生物学はモノづくりと関係ないと思われがちですが、長期間の進化によって人間の想像を超えるような仕組みや能力を持っています。 それらをモノづくりの参考にするのがバイオミメティクスです。

有名な活用例として、

  • ハスの葉表面の撥水構造を参考にしたヨーグルトの蓋
  • ガの眼を参考にしたモスアイフィルム
  • サメ鱗を参考にすることで流体抵抗を低減した水着
  • ゴボウの実がもつフック状の棘を参考にした面ファスナー

などがあります。

しかし、バイオミメティクスを学ぶ機会は現状とても少なく、企業にとっては導入のハードルが高い状況にあります。
そこでバイオミメティクスワーククリエイトでは、研究によってこれまで蓄積した情報や専門的な知識、企業での研究開発経験を活かし、そのようなハードルを乗り越えるサポートを致します。

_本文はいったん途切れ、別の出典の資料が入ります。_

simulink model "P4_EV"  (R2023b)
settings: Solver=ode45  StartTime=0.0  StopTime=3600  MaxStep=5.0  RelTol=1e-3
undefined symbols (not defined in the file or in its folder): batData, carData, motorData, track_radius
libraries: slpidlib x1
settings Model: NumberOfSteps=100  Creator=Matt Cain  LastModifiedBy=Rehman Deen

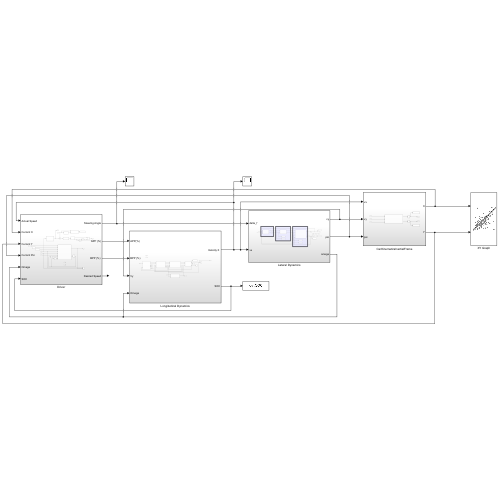
[thumbnail: Simulink's stored preview of the top-level diagram]
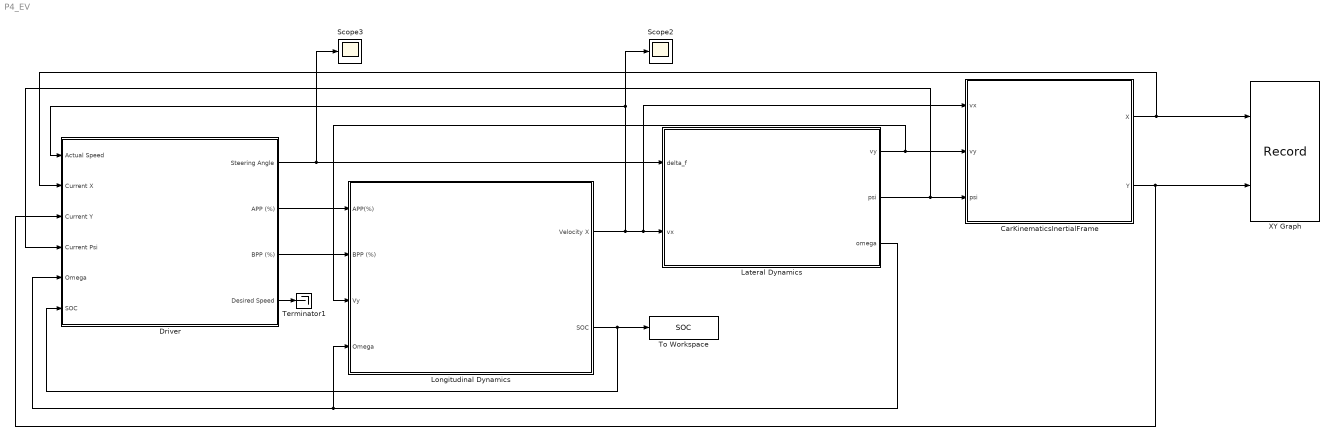
== system P4_EV ==
  CarKinematicsInertialFrame : Subsystem
  "Driver " : Subsystem
  Lateral Dynamics : Subsystem
  Longitudinal Dynamics : Subsystem
  Scope2 : Scope
  Scope3 : Scope
  Terminator1 : Terminator
  To Workspace : ToWorkspace  VariableName=SOC  SaveFormat=Timeseries  SampleTime=-1
  XY Graph : Record  FileSettingsInternal="{\"entries\":[{\"content\":{\"excelSettings\":{\"content\":{},\"type\":\"Streamout.ExcelSettings\"}},\"type\":\"Streamout.FileSettingStorage\",\"uuid\":\"\"}],\"packageUris\":[\"http:\\/\\/schema.mathworks.com\\/mf0\\/streamout_blocks\\/R2020a\"],\"version\":\"1.0\"}"  Layout=[1 1]  SignalsInternal="{\"entries\":[{\"content\":{\"signals\":[{\"content\":{\"blockPath\":[],\"dimensions\":[1],\"domain\":\"\",\"lineColor\":\"#fe330a\",\"port\":1,\"signalID\":8,\"signalName\":\"CarKinematicsInertialFrame1:1\"},\"type\":\"RecordBlkView.Signal\",\"uuid\":\"\"},{\"content\":{\"blockPath\":[],\"dimensions\":[1],\"domain\":\"\",\"lineColor\":\"#22b573\",\"port\":2,\"signalID\":11,\"signalName\":\"CarKinematicsInertialFrame1:2\"},\"type\":\"RecordBlkView.Signal\",\"uuid\":\"\"}]},\"type\":\"RecordBlkView.InputSignals\",\"uuid\":\"\"}],\"packageUris\":[\"http:\\/\\/schema.mathworks.com\\/mf0\\/streamout_blocks\\/R2020a\"],\"version\":\"1.0\"}"  VisualizationBindings="{\"xyplotplugin\":{\"info\":[{\"series\":[],\"subplotID\":1}]}}"  CompatibilityTag=XY  st=-1
  wires:
  CarKinematicsInertialFrame/1(X) -> XY Graph/1, "Driver "/2(Current X)
  CarKinematicsInertialFrame/2(Y) -> XY Graph/2, "Driver "/3(Current Y)
  Lateral Dynamics/1(vy) -> CarKinematicsInertialFrame/2(vy), Longitudinal Dynamics/3(Vy)
  Lateral Dynamics/2(psi) -> CarKinematicsInertialFrame/3(psi), "Driver "/4(Current Psi)
  Longitudinal Dynamics/1("Velocity X ") -> Lateral Dynamics/2(vx), CarKinematicsInertialFrame/1(vx), Scope2/1, "Driver "/1(Actual Speed)
  "Driver "/1(Steering Angle) -> Scope3/1, Lateral Dynamics/1(delta_f)
  "Driver "/2(APP (%)) -> Longitudinal Dynamics/1(APP(%))
  "Driver "/3("BPP (%) ") -> Longitudinal Dynamics/2(BPP (%))
  Lateral Dynamics/3(omega) -> "Driver "/5(Omega), Longitudinal Dynamics/4(Omega)
  Longitudinal Dynamics/2(SOC) -> To Workspace/1, "Driver "/6(SOC)
  "Driver "/4(Desired Speed) -> Terminator1/1

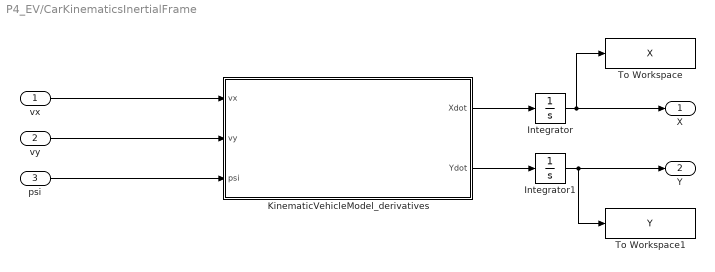
== system P4_EV/CarKinematicsInertialFrame ==
  vx : Inport
  vy : Inport  Port=2
  psi : Inport  Port=3
  Integrator : Integrator  InitialCondition=carData.init.X0
  Integrator1 : Integrator  InitialCondition=carData.init.Y0
  KinematicVehicleModel_derivatives : MATLAB Function  TreatAsAtomicUnit=on  mask{obj=carData}
      mask prompts: obj "obj structure"
  To Workspace : ToWorkspace  VariableName=X  SaveFormat=Structure With Time  SampleTime=-1
  To Workspace1 : ToWorkspace  VariableName=Y  SaveFormat=Structure With Time  SampleTime=-1
  X : Outport
  Y : Outport  Port=2
  wires:
  KinematicVehicleModel_derivatives/1(Xdot) -> Integrator/1
  KinematicVehicleModel_derivatives/2(Ydot) -> Integrator1/1
  Integrator/1 -> To Workspace/1, X/1
  Integrator1/1 -> To Workspace1/1, Y/1
  vx/1 -> KinematicVehicleModel_derivatives/1(vx)
  vy/1 -> KinematicVehicleModel_derivatives/2(vy)
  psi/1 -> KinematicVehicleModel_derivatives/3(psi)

余談ですが、「生物を参考にした技術開発」という意味の言葉は以下のように多くあり、厳密には定義が異なります。

  • バイオミミクリー
  • バイオミメティクス
  • 生物模倣
  • 生物規範工学
  • ネイチャーテクノロジー

2. バイオミメティクスのアプローチと効果

バイオミメティクスを用いた開発アプローチは大きく分けて2つ、「課題解決型」と「解決策提案型」があります。
それぞれメリットデメリットがあるので、研究開発の目的や状況によって選択します。

 ・課題解決型 Problem driven approach

課題解決型は、すでにある課題を解決するために生物を探す手法で、企業の開発で行うバイオミメティクスとしてこちらが一般的です。
主な効果は、「技術の性能向上」や「新メカニズムによる既存効果の発現」です。

例えば、“より速く泳ぐための水着の開発"はこれに該当します。すでに「水着」というものがあり、「さらに速く泳げるようにする」という課題に対するヒントをサメから学び、抵抗を下げる鱗の構造を参考にすることで「より速く泳ぐことのできる新しい水着」が開発されました。

つまり、より効率的な仕組みを生物から探すアプローチとなります。

■ step 1: 課題定義・分析
■ step 2: 生物学へ変換
■ step 3: 生物案探索・調査
■ step 4: 検証・実用化

 ・解決策提案型 Solution based approach

もうひとつの解決策提案型は、生物がもつ解決策を先に決めて(発見して)応用方法を考える手法です。
主な効果は、「新機能(新製品)の開発」です。
前者の課題解決型とは異なり生物の研究から始まることが多いので生物学者向け、もしくは時間に余裕のある技術開発向けのアプローチです。

応用したい生物の機能をアイデアとして研究するので時間や手間がかかるというデメリットはありますが、
オリジナリティの高い技術を生み出せる可能性があります。

例えば、面ファスナー(いわゆるマジックテープ※)はこれに該当します。 面ファスナーはゴボウの実の棘を参考に誕生した製品です。 ジョルジュ・デ・メストラル氏が、ゴボウの実が服に引っ付くことに気付き観察したところ、棘の先に小さなフックを持つことに気付きました。 その仕組みを、これまでになかった「着脱容易な構造」として開発したことが面ファスナーの始まりです。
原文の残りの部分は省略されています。